Exercise ->
Take the records below and print them verbatim up to and including the line that carries "#17=DIRECTION('',(1.,0.,0.));".
#### Supplied records
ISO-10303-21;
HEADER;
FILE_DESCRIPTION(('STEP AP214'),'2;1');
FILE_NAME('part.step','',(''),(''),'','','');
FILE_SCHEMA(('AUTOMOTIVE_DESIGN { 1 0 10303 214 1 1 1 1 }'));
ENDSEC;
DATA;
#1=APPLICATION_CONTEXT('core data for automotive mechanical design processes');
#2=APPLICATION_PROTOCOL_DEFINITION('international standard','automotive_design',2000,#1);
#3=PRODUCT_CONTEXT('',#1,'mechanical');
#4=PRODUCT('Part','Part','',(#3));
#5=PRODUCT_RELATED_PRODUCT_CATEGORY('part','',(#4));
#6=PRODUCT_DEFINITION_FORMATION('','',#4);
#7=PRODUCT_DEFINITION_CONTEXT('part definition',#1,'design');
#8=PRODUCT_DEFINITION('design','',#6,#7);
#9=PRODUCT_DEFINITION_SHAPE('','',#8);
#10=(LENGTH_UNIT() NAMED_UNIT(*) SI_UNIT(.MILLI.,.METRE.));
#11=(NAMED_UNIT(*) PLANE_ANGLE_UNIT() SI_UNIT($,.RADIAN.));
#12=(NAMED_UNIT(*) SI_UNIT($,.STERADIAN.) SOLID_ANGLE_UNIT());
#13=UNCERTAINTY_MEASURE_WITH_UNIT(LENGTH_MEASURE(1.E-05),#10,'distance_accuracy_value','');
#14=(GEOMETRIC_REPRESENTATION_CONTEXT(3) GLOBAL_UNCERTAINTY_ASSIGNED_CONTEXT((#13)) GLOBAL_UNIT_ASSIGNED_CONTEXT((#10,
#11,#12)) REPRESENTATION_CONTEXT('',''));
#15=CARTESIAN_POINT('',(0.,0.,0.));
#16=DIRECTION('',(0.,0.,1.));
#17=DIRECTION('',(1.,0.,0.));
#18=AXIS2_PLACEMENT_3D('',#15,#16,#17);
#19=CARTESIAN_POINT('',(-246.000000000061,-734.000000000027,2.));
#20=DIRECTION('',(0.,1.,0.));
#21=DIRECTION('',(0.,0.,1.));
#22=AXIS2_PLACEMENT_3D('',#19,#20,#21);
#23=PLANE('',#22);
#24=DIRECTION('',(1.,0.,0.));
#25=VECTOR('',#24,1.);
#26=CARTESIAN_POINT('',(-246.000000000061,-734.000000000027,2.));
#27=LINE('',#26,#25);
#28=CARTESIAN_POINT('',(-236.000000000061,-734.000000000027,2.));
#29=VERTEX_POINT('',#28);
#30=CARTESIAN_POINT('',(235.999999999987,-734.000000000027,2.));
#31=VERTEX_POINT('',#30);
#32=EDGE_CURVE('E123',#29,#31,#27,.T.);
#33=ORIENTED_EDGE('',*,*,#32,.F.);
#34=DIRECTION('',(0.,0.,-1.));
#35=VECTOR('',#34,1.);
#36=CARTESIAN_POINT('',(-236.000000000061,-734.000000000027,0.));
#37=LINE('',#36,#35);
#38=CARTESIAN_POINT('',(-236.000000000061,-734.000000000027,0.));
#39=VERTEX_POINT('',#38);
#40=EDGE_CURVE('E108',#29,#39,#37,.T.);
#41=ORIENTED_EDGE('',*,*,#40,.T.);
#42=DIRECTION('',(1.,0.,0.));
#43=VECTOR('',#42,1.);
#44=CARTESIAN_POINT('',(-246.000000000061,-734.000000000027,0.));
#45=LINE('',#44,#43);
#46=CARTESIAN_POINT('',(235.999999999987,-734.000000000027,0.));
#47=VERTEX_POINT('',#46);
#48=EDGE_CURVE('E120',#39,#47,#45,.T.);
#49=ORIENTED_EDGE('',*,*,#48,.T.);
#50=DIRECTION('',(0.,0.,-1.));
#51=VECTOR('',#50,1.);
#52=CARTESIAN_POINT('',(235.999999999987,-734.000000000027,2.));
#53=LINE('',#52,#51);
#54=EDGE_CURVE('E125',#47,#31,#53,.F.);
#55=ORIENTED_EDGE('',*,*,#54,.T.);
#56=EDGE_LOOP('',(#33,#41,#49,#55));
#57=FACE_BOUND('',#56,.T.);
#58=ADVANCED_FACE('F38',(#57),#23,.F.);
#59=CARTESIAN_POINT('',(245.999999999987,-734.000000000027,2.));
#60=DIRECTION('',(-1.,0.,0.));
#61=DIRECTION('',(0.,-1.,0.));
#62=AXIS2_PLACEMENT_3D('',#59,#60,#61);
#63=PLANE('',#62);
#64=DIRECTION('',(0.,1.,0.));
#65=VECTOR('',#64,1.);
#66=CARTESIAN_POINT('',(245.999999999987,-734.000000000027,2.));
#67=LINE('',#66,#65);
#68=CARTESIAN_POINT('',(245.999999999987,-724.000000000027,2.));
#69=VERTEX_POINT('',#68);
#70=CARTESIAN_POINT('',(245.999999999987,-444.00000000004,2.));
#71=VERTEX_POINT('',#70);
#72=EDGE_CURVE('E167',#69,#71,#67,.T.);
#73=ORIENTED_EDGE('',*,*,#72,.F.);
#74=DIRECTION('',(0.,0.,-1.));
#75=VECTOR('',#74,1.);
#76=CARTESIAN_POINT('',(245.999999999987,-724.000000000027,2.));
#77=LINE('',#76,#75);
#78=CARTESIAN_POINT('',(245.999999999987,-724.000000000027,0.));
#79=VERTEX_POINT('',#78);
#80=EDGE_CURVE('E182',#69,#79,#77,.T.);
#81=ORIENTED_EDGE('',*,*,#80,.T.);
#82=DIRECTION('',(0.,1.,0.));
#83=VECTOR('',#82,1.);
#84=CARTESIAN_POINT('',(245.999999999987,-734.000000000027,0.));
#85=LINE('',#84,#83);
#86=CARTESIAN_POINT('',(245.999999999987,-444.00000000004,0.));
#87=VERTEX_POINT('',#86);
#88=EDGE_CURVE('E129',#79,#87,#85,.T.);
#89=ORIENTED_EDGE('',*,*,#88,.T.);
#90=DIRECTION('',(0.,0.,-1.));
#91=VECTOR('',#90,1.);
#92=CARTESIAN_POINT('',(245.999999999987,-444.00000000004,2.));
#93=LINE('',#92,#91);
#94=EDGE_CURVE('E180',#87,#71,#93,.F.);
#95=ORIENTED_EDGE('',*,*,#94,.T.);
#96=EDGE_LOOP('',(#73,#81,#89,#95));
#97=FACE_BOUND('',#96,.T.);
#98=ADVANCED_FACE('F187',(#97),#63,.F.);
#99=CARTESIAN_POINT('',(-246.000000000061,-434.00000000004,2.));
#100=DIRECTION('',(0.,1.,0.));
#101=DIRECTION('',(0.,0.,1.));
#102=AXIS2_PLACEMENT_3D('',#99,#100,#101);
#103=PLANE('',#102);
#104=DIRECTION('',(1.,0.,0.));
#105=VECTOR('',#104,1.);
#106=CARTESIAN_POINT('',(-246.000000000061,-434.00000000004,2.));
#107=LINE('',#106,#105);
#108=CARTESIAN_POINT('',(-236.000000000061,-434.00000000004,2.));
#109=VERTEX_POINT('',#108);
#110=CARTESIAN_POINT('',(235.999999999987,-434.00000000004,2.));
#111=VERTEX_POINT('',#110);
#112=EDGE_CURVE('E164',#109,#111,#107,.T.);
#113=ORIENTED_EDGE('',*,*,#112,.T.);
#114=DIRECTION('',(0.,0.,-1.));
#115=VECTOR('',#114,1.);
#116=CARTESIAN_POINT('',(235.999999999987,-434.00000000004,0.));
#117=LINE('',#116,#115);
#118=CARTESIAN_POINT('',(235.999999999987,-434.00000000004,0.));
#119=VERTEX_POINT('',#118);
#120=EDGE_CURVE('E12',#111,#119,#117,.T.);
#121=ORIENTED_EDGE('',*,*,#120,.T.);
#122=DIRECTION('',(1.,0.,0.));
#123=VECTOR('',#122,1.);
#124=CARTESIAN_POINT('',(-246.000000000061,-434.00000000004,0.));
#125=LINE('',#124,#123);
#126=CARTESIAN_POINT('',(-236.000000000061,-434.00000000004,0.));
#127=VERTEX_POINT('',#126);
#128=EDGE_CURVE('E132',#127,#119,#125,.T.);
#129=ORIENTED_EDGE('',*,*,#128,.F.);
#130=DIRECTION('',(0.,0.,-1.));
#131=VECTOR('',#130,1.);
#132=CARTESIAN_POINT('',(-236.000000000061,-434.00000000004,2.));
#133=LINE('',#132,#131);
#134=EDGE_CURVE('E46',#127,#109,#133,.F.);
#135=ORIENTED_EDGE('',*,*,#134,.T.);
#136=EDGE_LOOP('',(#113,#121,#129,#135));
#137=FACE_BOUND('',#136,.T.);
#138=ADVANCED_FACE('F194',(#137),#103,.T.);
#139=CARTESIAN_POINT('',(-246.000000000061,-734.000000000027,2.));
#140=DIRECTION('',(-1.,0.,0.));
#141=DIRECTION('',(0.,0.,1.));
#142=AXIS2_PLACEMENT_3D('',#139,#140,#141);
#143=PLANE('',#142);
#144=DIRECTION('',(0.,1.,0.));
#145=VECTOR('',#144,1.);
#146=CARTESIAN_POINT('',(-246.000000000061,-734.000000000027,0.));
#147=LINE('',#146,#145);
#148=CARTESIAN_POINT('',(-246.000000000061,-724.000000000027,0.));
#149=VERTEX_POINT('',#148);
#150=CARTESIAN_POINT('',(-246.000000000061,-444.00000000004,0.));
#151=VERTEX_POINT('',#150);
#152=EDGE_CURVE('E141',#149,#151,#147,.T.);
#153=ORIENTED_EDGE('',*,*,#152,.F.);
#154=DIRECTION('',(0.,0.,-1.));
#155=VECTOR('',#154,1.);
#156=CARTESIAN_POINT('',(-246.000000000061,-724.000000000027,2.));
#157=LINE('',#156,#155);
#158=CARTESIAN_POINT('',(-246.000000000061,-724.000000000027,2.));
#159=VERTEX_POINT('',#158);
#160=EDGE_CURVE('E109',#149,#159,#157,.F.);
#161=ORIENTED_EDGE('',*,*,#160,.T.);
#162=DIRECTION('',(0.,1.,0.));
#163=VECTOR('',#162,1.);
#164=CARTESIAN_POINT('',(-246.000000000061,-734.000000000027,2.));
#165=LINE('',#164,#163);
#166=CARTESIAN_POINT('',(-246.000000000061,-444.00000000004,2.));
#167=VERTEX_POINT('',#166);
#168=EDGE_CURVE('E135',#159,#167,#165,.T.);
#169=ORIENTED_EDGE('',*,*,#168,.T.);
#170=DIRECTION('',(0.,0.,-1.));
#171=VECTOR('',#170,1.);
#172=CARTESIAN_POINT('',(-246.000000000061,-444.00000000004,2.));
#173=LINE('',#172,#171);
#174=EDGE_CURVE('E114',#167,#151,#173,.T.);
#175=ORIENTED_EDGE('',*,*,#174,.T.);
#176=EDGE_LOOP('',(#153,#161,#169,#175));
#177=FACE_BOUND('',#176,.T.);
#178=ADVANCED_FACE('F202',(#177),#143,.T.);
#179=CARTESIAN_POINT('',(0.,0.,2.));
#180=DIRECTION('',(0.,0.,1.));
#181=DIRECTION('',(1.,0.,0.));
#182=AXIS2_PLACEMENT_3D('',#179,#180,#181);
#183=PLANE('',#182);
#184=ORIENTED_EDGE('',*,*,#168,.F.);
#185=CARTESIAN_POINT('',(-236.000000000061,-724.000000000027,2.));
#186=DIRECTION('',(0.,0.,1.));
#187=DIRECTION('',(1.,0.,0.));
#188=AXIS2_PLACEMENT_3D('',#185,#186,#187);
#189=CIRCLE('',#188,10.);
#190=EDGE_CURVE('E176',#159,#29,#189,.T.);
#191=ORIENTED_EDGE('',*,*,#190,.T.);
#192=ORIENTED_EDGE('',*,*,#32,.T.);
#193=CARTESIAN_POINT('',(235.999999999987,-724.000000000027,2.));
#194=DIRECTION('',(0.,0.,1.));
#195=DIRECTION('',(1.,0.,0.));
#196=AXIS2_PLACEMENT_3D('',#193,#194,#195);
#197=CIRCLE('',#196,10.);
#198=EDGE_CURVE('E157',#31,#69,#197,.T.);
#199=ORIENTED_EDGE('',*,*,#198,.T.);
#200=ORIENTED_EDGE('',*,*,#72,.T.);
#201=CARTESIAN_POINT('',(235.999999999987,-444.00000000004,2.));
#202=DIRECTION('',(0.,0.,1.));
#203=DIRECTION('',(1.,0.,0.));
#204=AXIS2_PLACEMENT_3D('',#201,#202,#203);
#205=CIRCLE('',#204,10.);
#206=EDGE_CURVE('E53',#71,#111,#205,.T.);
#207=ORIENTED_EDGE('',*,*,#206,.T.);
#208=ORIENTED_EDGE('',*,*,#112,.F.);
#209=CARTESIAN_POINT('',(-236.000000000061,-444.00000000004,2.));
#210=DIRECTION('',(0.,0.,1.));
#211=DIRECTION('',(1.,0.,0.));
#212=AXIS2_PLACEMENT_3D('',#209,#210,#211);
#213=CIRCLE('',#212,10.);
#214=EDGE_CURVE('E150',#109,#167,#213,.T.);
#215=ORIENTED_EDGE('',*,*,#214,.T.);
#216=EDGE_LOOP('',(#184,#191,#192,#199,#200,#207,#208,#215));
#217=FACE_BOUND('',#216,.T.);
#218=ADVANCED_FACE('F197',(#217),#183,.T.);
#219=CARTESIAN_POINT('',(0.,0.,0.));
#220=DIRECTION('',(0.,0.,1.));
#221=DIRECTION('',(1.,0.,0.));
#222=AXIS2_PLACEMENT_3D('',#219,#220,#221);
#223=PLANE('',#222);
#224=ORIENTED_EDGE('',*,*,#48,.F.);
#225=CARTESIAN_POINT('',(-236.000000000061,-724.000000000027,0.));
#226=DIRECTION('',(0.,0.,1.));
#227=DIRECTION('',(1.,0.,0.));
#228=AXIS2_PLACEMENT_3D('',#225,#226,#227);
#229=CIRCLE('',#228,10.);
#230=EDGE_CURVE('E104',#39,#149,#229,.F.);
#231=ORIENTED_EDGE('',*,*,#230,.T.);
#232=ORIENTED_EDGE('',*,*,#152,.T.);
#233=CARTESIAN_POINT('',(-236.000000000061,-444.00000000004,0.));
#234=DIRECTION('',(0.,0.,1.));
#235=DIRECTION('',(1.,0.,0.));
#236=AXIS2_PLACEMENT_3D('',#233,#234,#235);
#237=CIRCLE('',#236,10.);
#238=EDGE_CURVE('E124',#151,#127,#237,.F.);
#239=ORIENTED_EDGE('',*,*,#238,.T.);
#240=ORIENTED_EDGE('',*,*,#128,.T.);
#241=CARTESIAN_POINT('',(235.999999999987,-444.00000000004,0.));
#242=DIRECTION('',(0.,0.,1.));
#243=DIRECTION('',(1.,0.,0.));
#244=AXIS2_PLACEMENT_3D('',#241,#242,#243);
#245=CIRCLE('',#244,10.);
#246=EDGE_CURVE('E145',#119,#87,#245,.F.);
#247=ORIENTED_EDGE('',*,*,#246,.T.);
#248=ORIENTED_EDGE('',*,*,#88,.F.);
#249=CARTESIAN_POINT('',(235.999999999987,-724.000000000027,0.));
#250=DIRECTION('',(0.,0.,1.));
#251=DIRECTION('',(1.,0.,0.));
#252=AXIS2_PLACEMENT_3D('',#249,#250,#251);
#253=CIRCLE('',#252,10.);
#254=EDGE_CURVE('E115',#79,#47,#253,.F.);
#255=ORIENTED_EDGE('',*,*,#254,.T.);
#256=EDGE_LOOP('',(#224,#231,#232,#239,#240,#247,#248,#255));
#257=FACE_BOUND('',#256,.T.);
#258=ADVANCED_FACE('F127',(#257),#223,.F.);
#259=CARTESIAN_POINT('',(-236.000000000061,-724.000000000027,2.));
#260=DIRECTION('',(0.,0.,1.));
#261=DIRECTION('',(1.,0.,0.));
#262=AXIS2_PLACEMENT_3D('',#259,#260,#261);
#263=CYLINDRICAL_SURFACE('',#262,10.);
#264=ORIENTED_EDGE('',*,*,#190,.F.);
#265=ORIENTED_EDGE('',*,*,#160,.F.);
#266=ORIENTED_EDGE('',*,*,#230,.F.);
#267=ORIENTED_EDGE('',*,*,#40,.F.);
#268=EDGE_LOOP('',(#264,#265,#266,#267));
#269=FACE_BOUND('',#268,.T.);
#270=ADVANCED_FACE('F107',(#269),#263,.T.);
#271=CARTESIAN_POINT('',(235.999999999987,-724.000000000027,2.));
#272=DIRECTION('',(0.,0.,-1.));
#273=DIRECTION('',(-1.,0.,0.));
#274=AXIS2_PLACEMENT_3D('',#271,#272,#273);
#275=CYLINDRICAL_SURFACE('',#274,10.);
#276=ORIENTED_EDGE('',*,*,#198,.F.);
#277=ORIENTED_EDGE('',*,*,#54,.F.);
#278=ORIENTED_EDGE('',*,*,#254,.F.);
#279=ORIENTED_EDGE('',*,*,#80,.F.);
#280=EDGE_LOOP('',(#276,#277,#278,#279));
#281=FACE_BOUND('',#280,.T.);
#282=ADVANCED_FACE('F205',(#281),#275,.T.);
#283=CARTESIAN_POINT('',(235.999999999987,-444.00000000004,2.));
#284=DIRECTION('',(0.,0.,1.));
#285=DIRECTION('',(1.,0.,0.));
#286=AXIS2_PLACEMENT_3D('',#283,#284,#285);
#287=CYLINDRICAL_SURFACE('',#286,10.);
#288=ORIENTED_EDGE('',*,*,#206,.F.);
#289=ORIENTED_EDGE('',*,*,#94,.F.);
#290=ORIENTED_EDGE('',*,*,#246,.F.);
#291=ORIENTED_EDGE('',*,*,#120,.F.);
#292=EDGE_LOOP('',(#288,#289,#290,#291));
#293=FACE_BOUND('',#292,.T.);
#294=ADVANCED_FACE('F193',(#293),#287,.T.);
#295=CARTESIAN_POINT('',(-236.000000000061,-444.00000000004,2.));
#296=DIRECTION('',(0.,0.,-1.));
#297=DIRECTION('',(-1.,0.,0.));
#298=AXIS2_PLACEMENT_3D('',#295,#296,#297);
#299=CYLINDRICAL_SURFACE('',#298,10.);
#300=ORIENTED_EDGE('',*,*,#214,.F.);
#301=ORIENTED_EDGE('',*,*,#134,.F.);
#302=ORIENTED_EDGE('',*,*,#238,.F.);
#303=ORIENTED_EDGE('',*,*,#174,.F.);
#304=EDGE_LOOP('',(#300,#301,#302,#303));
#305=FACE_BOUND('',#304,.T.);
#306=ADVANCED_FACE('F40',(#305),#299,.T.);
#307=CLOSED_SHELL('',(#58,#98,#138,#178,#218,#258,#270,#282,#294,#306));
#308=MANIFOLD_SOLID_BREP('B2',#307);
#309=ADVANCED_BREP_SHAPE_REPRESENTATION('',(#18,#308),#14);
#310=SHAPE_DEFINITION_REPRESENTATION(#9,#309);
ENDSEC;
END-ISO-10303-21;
########
Response box ->
ISO-10303-21;
HEADER;
FILE_DESCRIPTION(('STEP AP214'),'2;1');
FILE_NAME('part.step','',(''),(''),'','','');
FILE_SCHEMA(('AUTOMOTIVE_DESIGN { 1 0 10303 214 1 1 1 1 }'));
ENDSEC;
DATA;
#1=APPLICATION_CONTEXT('core data for automotive mechanical design processes');
#2=APPLICATION_PROTOCOL_DEFINITION('international standard','automotive_design',2000,#1);
#3=PRODUCT_CONTEXT('',#1,'mechanical');
#4=PRODUCT('Part','Part','',(#3));
#5=PRODUCT_RELATED_PRODUCT_CATEGORY('part','',(#4));
#6=PRODUCT_DEFINITION_FORMATION('','',#4);
#7=PRODUCT_DEFINITION_CONTEXT('part definition',#1,'design');
#8=PRODUCT_DEFINITION('design','',#6,#7);
#9=PRODUCT_DEFINITION_SHAPE('','',#8);
#10=(LENGTH_UNIT() NAMED_UNIT(*) SI_UNIT(.MILLI.,.METRE.));
#11=(NAMED_UNIT(*) PLANE_ANGLE_UNIT() SI_UNIT($,.RADIAN.));
#12=(NAMED_UNIT(*) SI_UNIT($,.STERADIAN.) SOLID_ANGLE_UNIT());
#13=UNCERTAINTY_MEASURE_WITH_UNIT(LENGTH_MEASURE(1.E-05),#10,'distance_accuracy_value','');
#14=(GEOMETRIC_REPRESENTATION_CONTEXT(3) GLOBAL_UNCERTAINTY_ASSIGNED_CONTEXT((#13)) GLOBAL_UNIT_ASSIGNED_CONTEXT((#10,
#11,#12)) REPRESENTATION_CONTEXT('',''));
#15=CARTESIAN_POINT('',(0.,0.,0.));
#16=DIRECTION('',(0.,0.,1.));
#17=DIRECTION('',(1.,0.,0.));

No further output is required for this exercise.